▸ REQUIRED WORK
Write out the opening lines of the data word for word, up to and including the line with "doc.linetypes.add('KEEPOUT_00001000$0', pattern=[2, 1, 1])", and leave every picture and every later line out.

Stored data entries

········

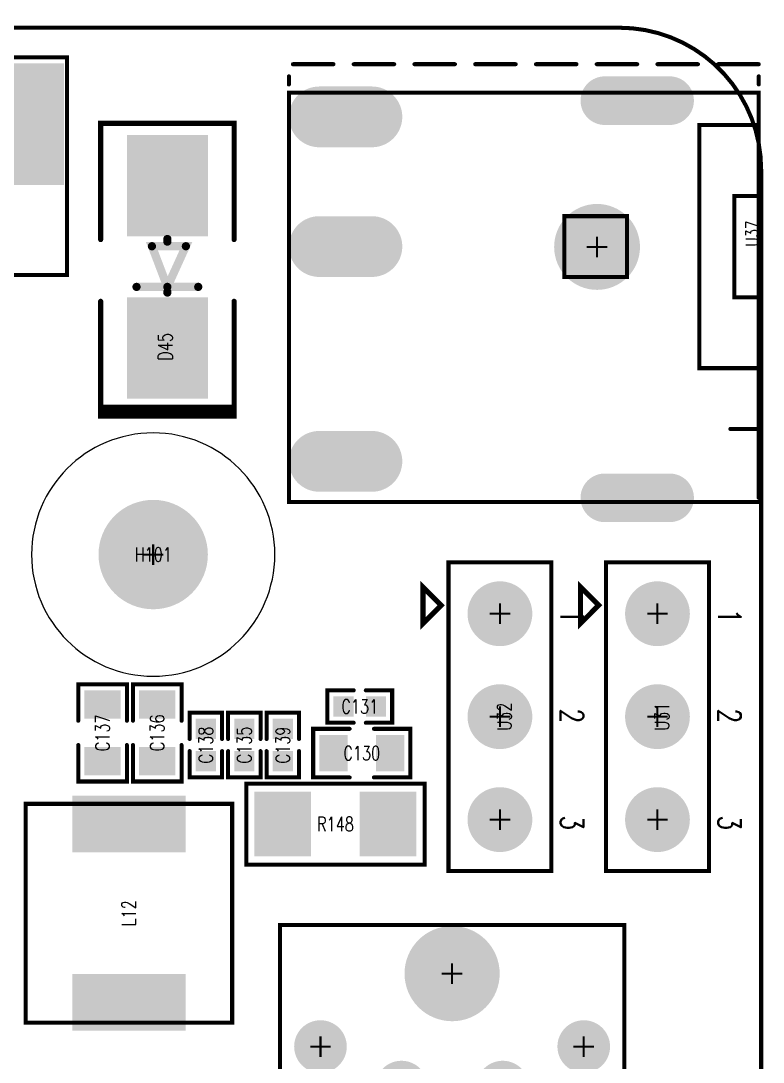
# Model space of a CAD drawing. Extents: x -4 to 157, y -7 to 87.
# Drawn here: x 138.23 to 156.56, y 60.98 to 86.67 of the extents above; entities that cross this region are included whole.
import ezdxf
from ezdxf.enums import TextEntityAlignment as Align

# ---------------------------------------------------------------- set-up
doc = ezdxf.new("R2010")
doc.units = 0
doc.linetypes.add('KEEPOUT_00001000$0', pattern=[2, 1, 1])
for name, color, linetype in [('2D_LINE_00', 1, 'CONTINUOUS'), ('BOARD_OUTLINE_00', 254, 'CONTINUOUS'), ('DRIL_NPLTE_THRU_01', 3, 'CONTINUOUS'), ('DRIL_NPLTE_THRU_02', 171, 'CONTINUOUS'), ('DRIL_NPLTE_THRU_03', 222, 'CONTINUOUS'), ('DRIL_NPLTE_THRU_04', 2, 'CONTINUOUS'), ('DRIL_PLTE_THRU_01', 3, 'CONTINUOUS'), ('DRIL_PLTE_THRU_02', 171, 'CONTINUOUS'), ('DRIL_PLTE_THRU_03', 222, 'CONTINUOUS'), ('DRIL_PLTE_THRU_04', 2, 'CONTINUOUS'), ('DRIL_SYMBOL', 254, 'CONTINUOUS'), ('KEEPOUT_-1', 254, 'CONTINUOUS'), ('PADS_BOT', 56, 'CONTINUOUS'), ('PADS_INNER', 96, 'CONTINUOUS'), ('PADS_TOP', 96, 'CONTINUOUS'), ('PART_NAME_01', 254, 'CONTINUOUS'), ('PART_NAME_126', 6, 'CONTINUOUS'), ('PART_TOP_2DLINE_00', 255, 'CONTINUOUS'), ('PART_TOP_2DLINE_01', 255, 'CONTINUOUS'), ('PART_TOP_2DLINE_126', 255, 'CONTINUOUS'), ('PART_TOP_TEXT_126', 255, 'CONTINUOUS')]:
    doc.layers.add(name, color=color, linetype=linetype)
doc.styles.add('W0$05', font='simplex', dxfattribs={"width": 0.75})
doc.styles.add('W0$0508', font='simplex', dxfattribs={"width": 0.75})
doc.styles.add('W0$127', font='simplex', dxfattribs={"width": 0.75})

# ---------------------------------------------------------------- blocks, each defined once
blk = doc.blocks.new('BOARD_5')
at = {"layer": 'BOARD_OUTLINE_00', "const_width": 0.1}
blk.add_lwpolyline([(0, -3.5, -0.414214), (3.5, 0), (156.51, 0, -0.414214), (160.01, -3.5), (160.01, -86.52, -0.414214), (156.51, -90.02), (3.5, -90.02, -0.414214), (0, -86.52)], format="xyb", close=True, dxfattribs=at)
blk = doc.blocks.new('SMOOTH_0$1')
at = {"const_width": 0.05}
blk.add_lwpolyline([(-0.025, 0, 1), (0.025, 0, 1)], format="xyb", close=True, dxfattribs=at)
blk = doc.blocks.new('DRAWING_201')
at = {"layer": '2D_LINE_00', "const_width": 0.1}
blk.add_lwpolyline([(0, 0), (1.55, 0), (1.55, -1.5), (0, -1.5)], close=True, dxfattribs=at)
at = {"layer": '2D_LINE_00'}
for p in [(0, 0), (1.55, 0), (0, -1.5), (1.55, -1.5)]:
    blk.add_blockref('SMOOTH_0$1', p, dxfattribs=at)
blk = doc.blocks.new('PART_BODY_TOP_278')
at = {"layer": 'PART_TOP_2DLINE_126', "const_width": 0.1}
for points in [[(-0.3, 0.6), (-1.2, 0.6), (-1.2, -0.6), (-0.3, -0.6)], [(0.3, -0.6), (1.2, -0.6), (1.2, 0.6), (0.3, 0.6)]]:
    blk.add_lwpolyline(points, dxfattribs=at)
at = {"layer": 'PART_TOP_2DLINE_126'}
for p in [(-1.2, 0.6), (-0.3, 0.6), (0.3, 0.6), (1.2, 0.6), (-1.2, -0.6), (-0.3, -0.6), (0.3, -0.6), (1.2, -0.6)]:
    blk.add_blockref('SMOOTH_0$1', p, dxfattribs=at)
blk = doc.blocks.new('DRIL_HOLE_0')
blk.add_lwpolyline([(0, 0, 1), (0, 0, 1)], format="xyb", close=True)
blk = doc.blocks.new('PAD_0')
blk.add_lwpolyline([(0, 0, 1), (0, 0, 1)], format="xyb", close=True)
blk = doc.blocks.new('PAD_14')
at = {"const_width": 0.7}
blk.add_lwpolyline([(-0.45, 0), (0.45, 0)], dxfattribs=at)
blk = doc.blocks.new('STK_TOP_10')
at = {"layer": 'DRIL_PLTE_THRU_01'}
blk.add_blockref('DRIL_HOLE_0', (0, 0), dxfattribs=at)
at = {"layer": 'DRIL_PLTE_THRU_02'}
blk.add_blockref('DRIL_HOLE_0', (0, 0), dxfattribs=at)
at = {"layer": 'DRIL_PLTE_THRU_03'}
blk.add_blockref('DRIL_HOLE_0', (0, 0), dxfattribs=at)
at = {"layer": 'DRIL_PLTE_THRU_04'}
blk.add_blockref('DRIL_HOLE_0', (0, 0), dxfattribs=at)
at = {"layer": 'PADS_BOT'}
blk.add_blockref('PAD_0', (0, 0), dxfattribs=at)
at = {"layer": 'PADS_INNER'}
blk.add_blockref('PAD_0', (0, 0), dxfattribs=at)
at = {"layer": 'PADS_TOP', "rotation": 90}
blk.add_blockref('PAD_14', (0, 0), dxfattribs=at)
blk = doc.blocks.new('SYM_TOP_8')
for name, p in [('STK_TOP_10', (-0.7, 0)), ('STK_TOP_10', (0.7, 0)), ('PART_BODY_TOP_278', (0, 0))]:
    blk.add_blockref(name, p)
blk = doc.blocks.new('PART_TOP_22')
blk.add_blockref('SYM_TOP_8', (0, 0))
at = {"layer": 'PART_NAME_126', "style": 'W0$05', "width": 0.75}
blk.add_text('C130', height=0.35, rotation=180, dxfattribs=at).set_placement((0, 0), align=Align.MIDDLE_CENTER)
blk = doc.blocks.new('PART_BODY_TOP_275')
at = {"layer": 'PART_TOP_2DLINE_126', "const_width": 0.1}
for points in [[(-0.15, 0.4), (-0.8, 0.4), (-0.8, -0.4), (-0.15, -0.4)], [(0.15, -0.4), (0.8, -0.4), (0.8, 0.4), (0.15, 0.4)]]:
    blk.add_lwpolyline(points, dxfattribs=at)
at = {"layer": 'PART_TOP_2DLINE_126'}
for p in [(-0.8, 0.4), (-0.15, 0.4), (0.15, 0.4), (0.8, 0.4), (-0.8, -0.4), (-0.15, -0.4), (0.15, -0.4), (0.8, -0.4)]:
    blk.add_blockref('SMOOTH_0$1', p, dxfattribs=at)
blk = doc.blocks.new('PAD_11')
at = {"const_width": 0.5}
blk.add_lwpolyline([(-0.25, 0), (0.25, 0)], dxfattribs=at)
blk = doc.blocks.new('STK_TOP_7')
at = {"layer": 'DRIL_PLTE_THRU_01'}
blk.add_blockref('DRIL_HOLE_0', (0, 0), dxfattribs=at)
at = {"layer": 'DRIL_PLTE_THRU_02'}
blk.add_blockref('DRIL_HOLE_0', (0, 0), dxfattribs=at)
at = {"layer": 'DRIL_PLTE_THRU_03'}
blk.add_blockref('DRIL_HOLE_0', (0, 0), dxfattribs=at)
at = {"layer": 'DRIL_PLTE_THRU_04'}
blk.add_blockref('DRIL_HOLE_0', (0, 0), dxfattribs=at)
at = {"layer": 'PADS_BOT'}
blk.add_blockref('PAD_0', (0, 0), dxfattribs=at)
at = {"layer": 'PADS_INNER'}
blk.add_blockref('PAD_0', (0, 0), dxfattribs=at)
at = {"layer": 'PADS_TOP'}
blk.add_blockref('PAD_11', (0, 0), dxfattribs=at)
blk = doc.blocks.new('SYM_TOP_5')
for name, p in [('PART_BODY_TOP_275', (0, 0)), ('STK_TOP_7', (-0.4, 0)), ('STK_TOP_7', (0.4, 0))]:
    blk.add_blockref(name, p)
blk = doc.blocks.new('PART_TOP_23')
blk.add_blockref('SYM_TOP_5', (0, 0))
at = {"layer": 'PART_NAME_126', "style": 'W0$05', "width": 0.75}
blk.add_text('C131', height=0.35, rotation=180, dxfattribs=at).set_placement((0, 0), align=Align.MIDDLE_CENTER)
blk = doc.blocks.new('PART_TOP_27')
blk.add_blockref('SYM_TOP_5', (0, 0))
at = {"layer": 'PART_NAME_126', "style": 'W0$05', "width": 0.75}
blk.add_text('C135', height=0.35, dxfattribs=at).set_placement((0, 0), align=Align.MIDDLE_CENTER)
blk = doc.blocks.new('PART_TOP_28')
blk.add_blockref('SYM_TOP_8', (0, 0))
at = {"layer": 'PART_NAME_126', "style": 'W0$05', "width": 0.75}
blk.add_text('C136', height=0.35, dxfattribs=at).set_placement((0, 0), align=Align.MIDDLE_CENTER)
blk = doc.blocks.new('PART_TOP_29')
blk.add_blockref('SYM_TOP_8', (0, 0))
at = {"layer": 'PART_NAME_126', "style": 'W0$05', "width": 0.75}
blk.add_text('C137', height=0.35, dxfattribs=at).set_placement((0, 0), align=Align.MIDDLE_CENTER)
blk = doc.blocks.new('PART_TOP_30')
blk.add_blockref('SYM_TOP_5', (0, 0))
at = {"layer": 'PART_NAME_126', "style": 'W0$05', "width": 0.75}
blk.add_text('C138', height=0.35, dxfattribs=at).set_placement((0, 0), align=Align.MIDDLE_CENTER)
blk = doc.blocks.new('PART_TOP_31')
blk.add_blockref('SYM_TOP_5', (0, 0))
at = {"layer": 'PART_NAME_126', "style": 'W0$05', "width": 0.75}
blk.add_text('C139', height=0.35, dxfattribs=at).set_placement((0, 0), align=Align.MIDDLE_CENTER)
blk = doc.blocks.new('SMOOTH_0$2032')
at = {"const_width": 0.1016}
blk.add_lwpolyline([(-0.0508, 0, 1), (0.0508, 0, 1)], format="xyb", close=True, dxfattribs=at)
blk = doc.blocks.new('SMOOTH_0$127')
at = {"const_width": 0.0635}
blk.add_lwpolyline([(-0.03175, 0, 1), (0.03175, 0, 1)], format="xyb", close=True, dxfattribs=at)
blk = doc.blocks.new('PART_BODY_TOP_287')
at = {"layer": 'PART_TOP_2DLINE_126'}
for points, const_width in [([(-0.6731, 1.646936), (-3.539998, 1.646936), (-3.539998, -1.646936), (-0.6731, -1.646936)], 0.127), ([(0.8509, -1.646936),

········

▸ ANSWER TO THE PROBLEM
# Model space of a CAD drawing. Extents: x -4 to 157, y -7 to 87.
# Drawn here: x 138.23 to 156.56, y 60.98 to 86.67 of the extents above; entities that cross this region are included whole.
import ezdxf
from ezdxf.enums import TextEntityAlignment as Align

# ---------------------------------------------------------------- set-up
doc = ezdxf.new("R2010")
doc.units = 0
doc.linetypes.add('KEEPOUT_00001000$0', pattern=[2, 1, 1])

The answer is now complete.